Médicos e enfermeiros de família para todos
O PCP entregou na Assembleia da República (AR), no passado dia 6, três «importantes» projectos de lei que têm como objectivo «preservar os médicos e enfermeiros que todos os dias vão abandonando o SNS» e atrair «muitos dos que saíram e sobretudo os que se vão formando», anunciou Jerónimo de Sousa.
Os diplomas contemplam a «implementação do regime de dedicação exclusiva, com carácter opcional, com o aumento em 50 por cento da remuneração base e 25 por cento da contagem de tempo para a progressão na carreira, garantindo desta forma uma remuneração digna, progressão efectiva e condições de trabalho», o «alargamento de incentivos para a fixação de profissionais de saúde em áreas carenciadas» e a «contagem de todos os pontos para efeitos de descongelamento das carreiras que abrange todos os trabalhadores da Administração Pública».
«Estes instrumentos, para além de melhores instalações e equipamentos, são determinantes para que venhamos a ter, efectivamente, um médico e um enfermeiro de família para todos os cidadãos, promessa sucessivamente não cumprida por vários governos», destacou o Secretário-geral do Partido, assegurando: «Só com mais profissionais de saúde valorizados e motivados podemos salvar o SNS».
Os comunistaspropõem igualmente a «aquisição imediata dos equipamentos necessários aos hospitais e centros de saúde, entre os quais aparelhos de raio-x, ecógrafos, TAC ou ressonâncias magnéticas». «Uma grande parte das transferências financeiras do SNS para os privados são motivadas por falta de capacidade própria para realizar um conjunto de exames que, com maior eficiência, mais conforto para os utentes e menores gastos, poderiam ser realizados nos serviços públicos», atestou, reforçando que «muitas destas aquisições estavam incluídas no Orçamento do Estado para 2021, por exigência do PCP, e não foram, no fundamental, concretizadas pelo governo do PS».

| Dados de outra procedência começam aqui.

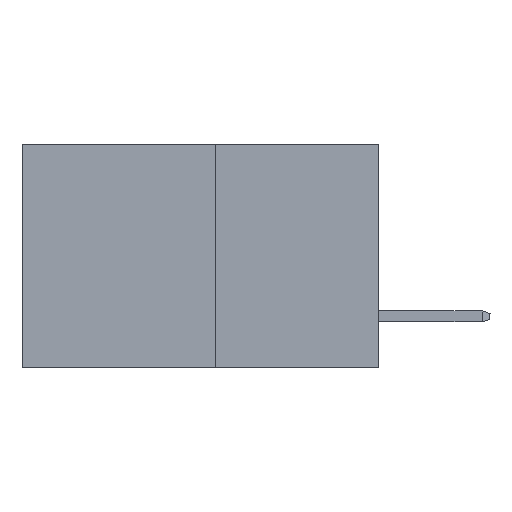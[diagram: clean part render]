
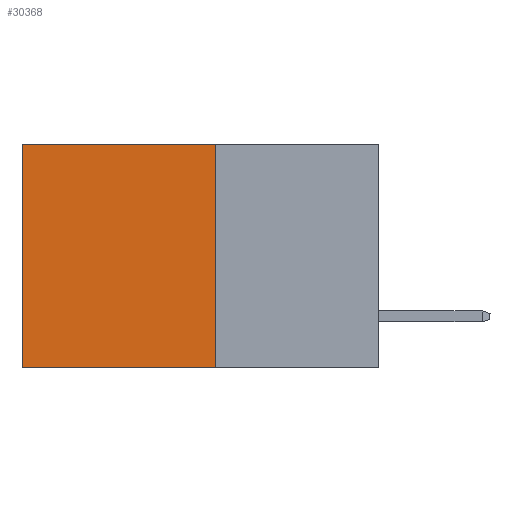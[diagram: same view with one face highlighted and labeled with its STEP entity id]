
A CAD part, left-side view. The second image highlights one B-rep face of the part: STEP entity #30368.
In plain terms, the highlighted planar face has unit normal (-1, 0, 0).
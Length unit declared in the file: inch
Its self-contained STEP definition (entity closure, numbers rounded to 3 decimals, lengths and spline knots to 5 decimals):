
#2343 = VERTEX_POINT ( 'NONE', #25149 ) ;
#3771 = EDGE_CURVE ( 'NONE', #2343, #13017, #6150, .T. ) ;
#3907 = DIRECTION ( 'NONE',  ( 1., 0., 0. ) ) ;
#4633 = CARTESIAN_POINT ( 'NONE',  ( 0.277, 0.59, 0. ) ) ;
#4728 = EDGE_LOOP ( 'NONE', ( #11733, #27765, #8665, #18861 ) ) ;
#6150 = LINE ( 'NONE', #25201, #22776 ) ;
#7348 = VERTEX_POINT ( 'NONE', #25778 ) ;
#7611 = AXIS2_PLACEMENT_3D ( 'NONE', #18018, #3907, #20379 ) ;
#7643 = DIRECTION ( 'NONE',  ( 0., 0., -1. ) ) ;
#7704 = CARTESIAN_POINT ( 'NONE',  ( 0.277, 0.27, -0.37 ) ) ;
#8074 = LINE ( 'NONE', #12326, #19864 ) ;
#8665 = ORIENTED_EDGE ( 'NONE', *, *, #11103, .F. ) ;
#11103 = EDGE_CURVE ( 'NONE', #2343, #7348, #26250, .T. ) ;
#11733 = ORIENTED_EDGE ( 'NONE', *, *, #16522, .T. ) ;
#12326 = CARTESIAN_POINT ( 'NONE',  ( 0.277, 0.59, -0.37 ) ) ;
#13017 = VERTEX_POINT ( 'NONE', #4633 ) ;
#13740 = FACE_OUTER_BOUND ( 'NONE', #4728, .T. ) ;
#14628 = DIRECTION ( 'NONE',  ( 0., 1., 0. ) ) ;
#16318 = LINE ( 'NONE', #21683, #29701 ) ;
#16522 = EDGE_CURVE ( 'NONE', #13017, #17332, #8074, .T. ) ;
#17332 = VERTEX_POINT ( 'NONE', #26913 ) ;
#18018 = CARTESIAN_POINT ( 'NONE',  ( 0.277, 0.27, -0.37 ) ) ;
#18861 = ORIENTED_EDGE ( 'NONE', *, *, #3771, .T. ) ;
#19849 = VECTOR ( 'NONE', #7643, 39.37008 ) ;
#19864 = VECTOR ( 'NONE', #21819, 39.37008 ) ;
#20379 = DIRECTION ( 'NONE',  ( 0., 0., -1. ) ) ;
#21683 = CARTESIAN_POINT ( 'NONE',  ( 0.277, 0.27, -0.37 ) ) ;
#21819 = DIRECTION ( 'NONE',  ( 0., 0., -1. ) ) ;
#22776 = VECTOR ( 'NONE', #22867, 39.37008 ) ;
#22867 = DIRECTION ( 'NONE',  ( 0., 1., 0. ) ) ;
#25147 = PLANE ( 'NONE',  #7611 ) ;
#25149 = CARTESIAN_POINT ( 'NONE',  ( 0.277, 0.27, 0. ) ) ;
#25201 = CARTESIAN_POINT ( 'NONE',  ( 0.277, 0.27, 0. ) ) ;
#25778 = CARTESIAN_POINT ( 'NONE',  ( 0.277, 0.27, -0.37 ) ) ;
#26250 = LINE ( 'NONE', #7704, #19849 ) ;
#26913 = CARTESIAN_POINT ( 'NONE',  ( 0.277, 0.59, -0.37 ) ) ;
#27765 = ORIENTED_EDGE ( 'NONE', *, *, #30104, .F. ) ;
#29701 = VECTOR ( 'NONE', #14628, 39.37008 ) ;
#30104 = EDGE_CURVE ( 'NONE', #7348, #17332, #16318, .T. ) ;
#30368 = ADVANCED_FACE ( 'NONE', ( #13740 ), #25147, .F. ) ;

Outra das exigências passa pela concretização dos investimentos na construção de hospitais e de centros de saúde há muito previstos e adiados.
Desresponsabilização do Estado
Na sua intervenção, o Secretário-geral do PCP qualificou de «muito negativo» o processo de transferência para os municípios de responsabilidades na área da saúde, «com recursos muito inferiores aos necessários, que vai traduzir-se numa ainda maior desresponsabilização do Estado e em condições diferenciadas de acesso aos cuidados, em funções das decisões ou dos recursos municipais, desrespeitando a universalidade que a Constituição da República estabelece como princípio». Com Jerónimo de Sousa estiveram Jorge Pires e Ricardo Costa, ambos da Comissão Política do PCP.
***
- Aumentaram os utentes sem médico de família. Passaram de 700 mil, em 2019, para um milhão e 200 mil, em 2022;
- Mantêm-se as listas de espera para cirurgias, tratamentos e consultas;
- Foram eliminadas quatro mil camas nos hospitais públicos, enquanto os privados aumentaram cerca de três mil;
- Na última década pré-pandemia (2010/2019) aumentaram 40 por cento os gastos directos da população em saúde, ao mesmo tempo que diminuiu a despesa pública em saúde e aumentou a transferência de verbas públicas para os grupos privados do sector.